EXERCISE BRIEF: From the first line of the data below through the line bearing "line L7 (4.5322, 19.6317)", reproduce each line exactly; do not include pictures.

DATA:
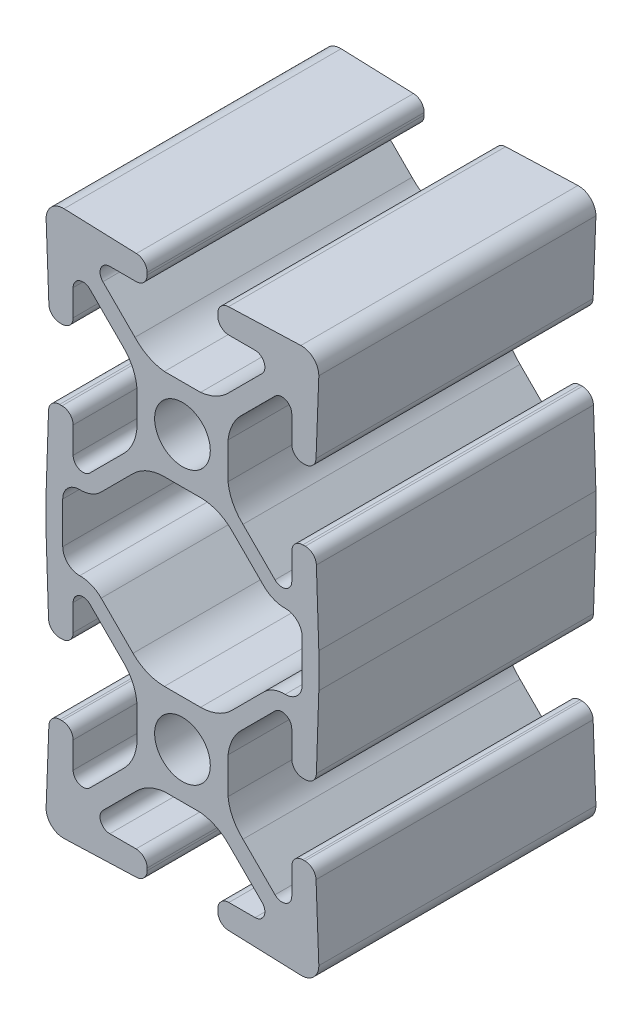
SolidWorks part; units mm, degrees
material "6061 Alloy"
ref_plane "Front" through (0, 0, 0) normal (0, 0, 1) x (1, 0, 0)
ref_plane "Top" through (0, 0, 0) normal (0, 1, 0) x (1, 0, 0)
ref_plane "Right" through (0, 0, 0) normal (1, 0, 0) x (0, 0, -1)
sketch "Sketch1" plane through (0, 0, 0) normal (0, 0, 1) x (1, 0, 0)
  line L0 (-4.5322, 5.3683) -> (-7.4494, 8.2856)
  line L1 (-10.976, 10.6094) -> (-10.976, 14.3906)
  line L2 (1.6585, 4.178) -> (-1.6585, 4.178)
  line L3 (7.4494, 8.2856) -> (4.5322, 5.3683)
  line L4 (-7.4494, 16.7144) -> (-4.5322, 19.6317)
  line L5 (-1.6585, 20.822) -> (1.6585, 20.822)
  line L6 (10.976, 14.3906) -> (10.976, 10.6094)
  line L7 (4.5322, 19.6317) -> (7.4494, 16.7144)
  line L8 (-8.4836, 7.2939) -> (-5.5451, 4.3554)
  line L9 (-10.02, 4.2545) -> (-10.02, 6.6575)
  line L10 (-4.178, 1.6585) -> (-4.178, -1.6585)
  line L11 (-11.2584, 3.2377) -> (-11.036, 3.2385)
  line L12 (-5.5451, -4.3554) -> (-8.4836, -7.2939)
  line L13 (-12.5, 10.9125) -> (-12.2773, 4.22)
  line L14 (-12.5, 14.0875) -> (-12.5, 10.9125)
  line L15 (-10.02, -6.6575) -> (-10.02, -4.2545)
  line L16 (-12.2773, 20.78) -> (-12.5, 14.0875)
  line L17 (-11.036, -3.2385) -> (-11.2263, -3.2379)
  line L18 (-11.036, 21.7615) -> (-11.2584, 21.7623)
  line L19 (-12.2451, -4.2152) -> (-12.5, -10.9135)
  line L20 (-10.02, 18.3425) -> (-10.02, 20.7455)
  line L21 (-10.8555, -12.5) -> (-4.2218, -12.2615)
  line L22 (-5.5451, 20.6446) -> (-8.4836, 17.7061)
  line L23 (-3.2385, -11.246) -> (-3.2385, -11.036)
  line L24 (-4.178, 26.6585) -> (-4.178, 23.3415)
  line L25 (-4.2545, -10.02) -> (-6.6575, -10.02)
  line L26 (-8.4836, 32.2939) -> (-5.5451, 29.3554)
  line L27 (-7.2939, -8.4836) -> (-4.3554, -5.5451)
  line L28 (-10.02, 29.2545) -> (-10.02, 31.6575)
  line L29 (-1.6585, -4.178) -> (1.6585, -4.178)
  line L30 (-11.2263, 28.2379) -> (-11.036, 28.2385)
  line L31 (4.3554, -5.5451) -> (7.2939, -8.4836)
  line L32 (-12.5, 35.9135) -> (-12.2451, 29.2152)
  line L33 (6.6575, -10.02) -> (4.2545, -10.02)
  line L34 (-4.2218, 37.2615) -> (-10.8555, 37.5)
  line L35 (3.2385, -11.036) -> (3.2385, -11.246)
  line L36 (-3.2385, 36.036) -> (-3.2385, 36.246)
  line L37 (4.2218, -12.2615) -> (10.8555, -12.5)
  line L38 (-6.6575, 35.02) -> (-4.2545, 35.02)
  line L39 (12.5, -10.9135) -> (12.2451, -4.2152)
  line L40 (-4.3554, 30.5451) -> (-7.2939, 33.4836)
  line L41 (11.2263, -3.2379) -> (11.036, -3.2385)
  line L42 (1.6585, 29.178) -> (-1.6585, 29.178)
  line L43 (10.02, -4.2545) -> (10.02, -6.6575)
  line L44 (7.2939, 33.4836) -> (4.3554, 30.5451)
  line L45 (8.4836, -7.2939) -> (5.5451, -4.3554)
  line L46 (4.2545, 35.02) -> (6.6575, 35.02)
  line L47 (4.178, -1.6585) -> (4.178, 1.6585)
  line L48 (3.2385, 36.246) -> (3.2385, 36.036)
  line L49 (5.5451, 4.3554) -> (8.4836, 7.2939)
  line L50 (10.8555, 37.5) -> (4.2218, 37.2615)
  line L51 (10.02, 6.6575) -> (10.02, 4.2545)
  line L52 (12.2451, 29.2152) -> (12.5, 35.9135)
  line L53 (11.036, 3.2385) -> (11.2584, 3.2377)
  line L54 (11.036, 28.2385) -> (11.2263, 28.2379)
  line L55 (12.2773, 4.22) -> (12.5, 10.9125)
  line L56 (10.02, 31.6575) -> (10.02, 29.2545)
  line L57 (12.5, 10.9125) -> (12.5, 14.0875)
  line L58 (12.5, 14.0875) -> (12.2773, 20.78)
  line L59 (5.5451, 29.3554) -> (8.4836, 32.2939)
  line L60 (11.2584, 21.7623) -> (11.036, 21.7615)
  line L61 (4.178, 23.3415) -> (4.178, 26.6585)
  line L62 (10.02, 20.7455) -> (10.02, 18.3425)
  line L63 (8.4836, 17.7061) -> (5.5451, 20.6446)
  arc A0 (-7.4494, 8.2856) -> (-9.4184, 9.0858) centre (-9.3594, 6.4083) ccw
  arc A1 (-10.976, 10.6094) -> (-9.4184, 9.0858) centre (-9.452, 10.6094) ccw
  arc A2 (-4.5322, 5.3683) -> (-1.6585, 4.178) centre (-1.6585, 8.242) ccw
  arc A3 (-9.4184, 15.9142) -> (-10.976, 14.3906) centre (-9.452, 14.3906) ccw
  arc A4 (1.6585, 4.178) -> (4.5322, 5.3683) centre (1.6585, 8.242) ccw
  arc A5 (-9.4184, 15.9142) -> (-7.4494, 16.7144) centre (-9.3594, 18.5917) ccw
  arc A6 (9.4184, 9.0858) -> (7.4494, 8.2856) centre (9.3594, 6.4083) ccw
  arc A7 (-1.6585, 20.822) -> (-4.5322, 19.6317) centre (-1.6585, 16.758) ccw
  arc A8 (9.4184, 9.0858) -> (10.976, 10.6094) centre (9.452, 10.6094) ccw
  arc A9 (4.5322, 19.6317) -> (1.6585, 20.822) centre (1.6585, 16.758) ccw
  arc A10 (10.976, 14.3906) -> (9.4184, 15.9142) centre (9.452, 14.3906) ccw
  arc A11 (7.4494, 16.7144) -> (9.4184, 15.9142) centre (9.3594, 18.5917) ccw
  arc A12 (-8.4836, 7.2939) -> (-10.02, 6.6575) centre (-9.12, 6.6575) ccw
  arc A13 (-4.178, 1.6585) -> (-5.5451, 4.3554) centre (-8.422, 1.2021) ccw
  arc A14 (-11.036, 3.2385) -> (-10.02, 4.2545) centre (-11.036, 4.2545) ccw
  arc A15 (-5.5451, -4.3554) -> (-4.178, -1.6585) centre (-8.422, -1.2021) ccw
  arc A16 (-12.2773, 4.22) -> (-11.2584, 3.2377) centre (-11.2618, 4.2537) ccw
  arc A17 (-10.02, -6.6575) -> (-8.4836, -7.2939) centre (-9.12, -6.6575) ccw
  arc A18 (-10.02, -4.2545) -> (-11.036, -3.2385) centre (-11.036, -4.2545) ccw
  arc A19 (-11.2584, 21.7623) -> (-12.2773, 20.78) centre (-11.2618, 20.7463) ccw
  arc A20 (-11.2263, -3.2379) -> (-12.2451, -4.2152) centre (-11.2298, -4.2539) ccw
  arc A21 (-10.02, 20.7455) -> (-11.036, 21.7615) centre (-11.036, 20.7455) ccw
  arc A22 (-12.5, -10.9135) -> (-10.8555, -12.5) centre (-10.9125, -10.9135) ccw
  arc A23 (-10.02, 18.3425) -> (-8.4836, 17.7061) centre (-9.12, 18.3425) ccw
  arc A24 (-4.2218, -12.2615) -> (-3.2385, -11.246) centre (-4.2545, -11.246) ccw
  arc A25 (-5.5451, 20.6446) -> (-4.178, 23.3415) centre (-8.422, 23.7979) ccw
  arc A26 (-3.2385, -11.036) -> (-4.2545, -10.02) centre (-4.2545, -11.036) ccw
  arc A27 (-4.178, 26.6585) -> (-5.5451, 29.3554) centre (-8.422, 26.2021) ccw
  arc A28 (-7.2939, -8.4836) -> (-6.6575, -10.02) centre (-6.6575, -9.12) ccw
  arc A29 (-8.4836, 32.2939) -> (-10.02, 31.6575) centre (-9.12, 31.6575) ccw
  arc A30 (-1.6585, -4.178) -> (-4.3554, -5.5451) centre (-1.2021, -8.422) ccw
  arc A31 (-11.036, 28.2385) -> (-10.02, 29.2545) centre (-11.036, 29.2545) ccw
  arc A32 (4.3554, -5.5451) -> (1.6585, -4.178) centre (1.2021, -8.422) ccw
  arc A33 (-12.2451, 29.2152) -> (-11.2263, 28.2379) centre (-11.2298, 29.2539) ccw
  arc A34 (6.6575, -10.02) -> (7.2939, -8.4836) centre (6.6575, -9.12) ccw
  arc A35 (-10.8555, 37.5) -> (-12.5, 35.9135) centre (-10.9125, 35.9135) ccw
  arc A36 (4.2545, -10.02) -> (3.2385, -11.036) centre (4.2545, -11.036) ccw
  arc A37 (-3.2385, 36.246) -> (-4.2218, 37.2615) centre (-4.2545, 36.246) ccw
  arc A38 (3.2385, -11.246) -> (4.2218, -12.2615) centre (4.2545, -11.246) ccw
  arc A39 (-4.2545, 35.02) -> (-3.2385, 36.036) centre (-4.2545, 36.036) ccw
  arc A40 (10.8555, -12.5) -> (12.5, -10.9135) centre (10.9125, -10.9135) ccw
  arc A41 (-6.6575, 35.02) -> (-7.2939, 33.4836) centre (-6.6575, 34.12) ccw
  arc A42 (12.2451, -4.2152) -> (11.2263, -3.2379) centre (11.2298, -4.2539) ccw
  arc A43 (-4.3554, 30.5451) -> (-1.6585, 29.178) centre (-1.2021, 33.422) ccw
  arc A44 (11.036, -3.2385) -> (10.02, -4.2545) centre (11.036, -4.2545) ccw
  arc A45 (1.6585, 29.178) -> (4.3554, 30.5451) centre (1.2021, 33.422) ccw
  arc A46 (8.4836, -7.2939) -> (10.02, -6.6575) centre (9.12, -6.6575) ccw
  arc A47 (7.2939, 33.4836) -> (6.6575, 35.02) centre (6.6575, 34.12) ccw
  arc A48 (4.178, -1.6585) -> (5.5451, -4.3554) centre (8.422, -1.2021) ccw
  arc A49 (3.2385, 36.036) -> (4.2545, 35.02) centre (4.2545, 36.036) ccw
  arc A50 (5.5451, 4.3554) -> (4.178, 1.6585) centre (8.422, 1.2021) ccw
  arc A51 (4.2218, 37.2615) -> (3.2385, 36.246) centre (4.2545, 36.246) ccw
  arc A52 (10.02, 6.6575) -> (8.4836, 7.2939) centre (9.12, 6.6575) ccw
  arc A53 (12.5, 35.9135) -> (10.8555, 37.5) centre (10.9125, 35.9135) ccw
  arc A54 (10.02, 4.2545) -> (11.036, 3.2385) centre (11.036, 4.2545) ccw
  arc A55 (11.2263, 28.2379) -> (12.2451, 29.2152) centre (11.2298, 29.2539) ccw
  arc A56 (11.2584, 3.2377) -> (12.2773, 4.22) centre (11.2618, 4.2537) ccw
  arc A57 (10.02, 29.2545) -> (11.036, 28.2385) centre (11.036, 29.2545) ccw
  arc A58 (10.02, 31.6575) -> (8.4836, 32.2939) centre (9.12, 31.6575) ccw
  arc A59 (12.2773, 20.78) -> (11.2584, 21.7623) centre (11.2618, 20.7463) ccw
  arc A60 (5.5451, 29.3554) -> (4.178, 26.6585) centre (8.422, 26.2021) ccw
  arc A61 (11.036, 21.7615) -> (10.02, 20.7455) centre (11.036, 20.7455) ccw
  arc A62 (4.178, 23.3415) -> (5.5451, 20.6446) centre (8.422, 23.7979) ccw
  arc A63 (8.4836, 17.7061) -> (10.02, 18.3425) centre (9.12, 18.3425) ccw
  circle A64 centre (0, 0) radius 2.5527
  circle A65 centre (0, 25) radius 2.5527
extrude "Extrude1" add sketch "Sketch1" along normal blind 25.4
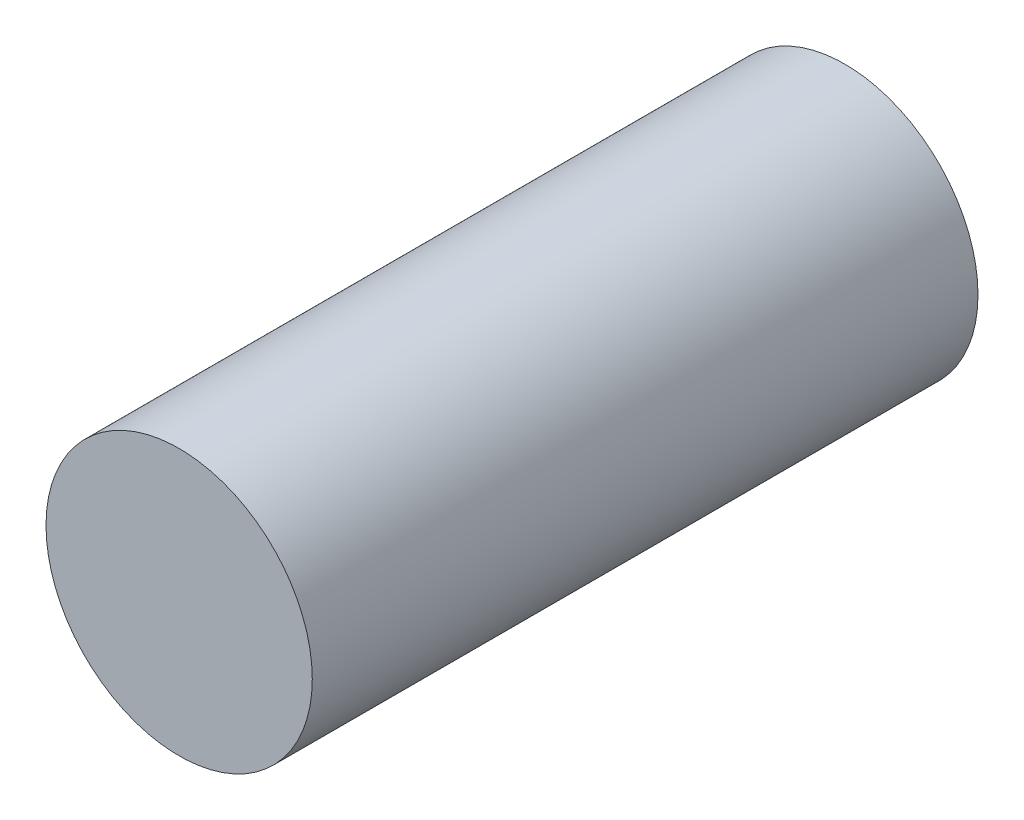
SolidWorks part; units mm, degrees
ref_plane "Front Plane" through (0, 0, 0) normal (0, 0, 1) x (1, 0, 0)
ref_plane "Top Plane" through (0, 0, 0) normal (0, 1, 0) x (1, 0, 0)
ref_plane "Right Plane" through (0, 0, 0) normal (1, 0, 0) x (0, 0, -1)
sketch "Sketch1" plane through (0, 0, 0) normal (0, 0, 1) x (1, 0, 0)
  circle A0 centre (0, 0) radius 12
  dimension "D1" = 24
extrude "Boss-Extrude1" add sketch "Sketch1" along normal blind 60

SOLUTION BELOW:
SolidWorks part; units mm, degrees
material "6061 Alloy"
ref_plane "Front" through (0, 0, 0) normal (0, 0, 1) x (1, 0, 0)
ref_plane "Top" through (0, 0, 0) normal (0, 1, 0) x (1, 0, 0)
ref_plane "Right" through (0, 0, 0) normal (1, 0, 0) x (0, 0, -1)
sketch "Sketch1" plane through (0, 0, 0) normal (0, 0, 1) x (1, 0, 0)
  line L0 (-4.5322, 5.3683) -> (-7.4494, 8.2856)
  line L1 (-10.976, 10.6094) -> (-10.976, 14.3906)
  line L2 (1.6585, 4.178) -> (-1.6585, 4.178)
  line L3 (7.4494, 8.2856) -> (4.5322, 5.3683)
  line L4 (-7.4494, 16.7144) -> (-4.5322, 19.6317)
  line L5 (-1.6585, 20.822) -> (1.6585, 20.822)
  line L6 (10.976, 14.3906) -> (10.976, 10.6094)
  line L7 (4.5322, 19.6317) -> (7.4494, 16.7144)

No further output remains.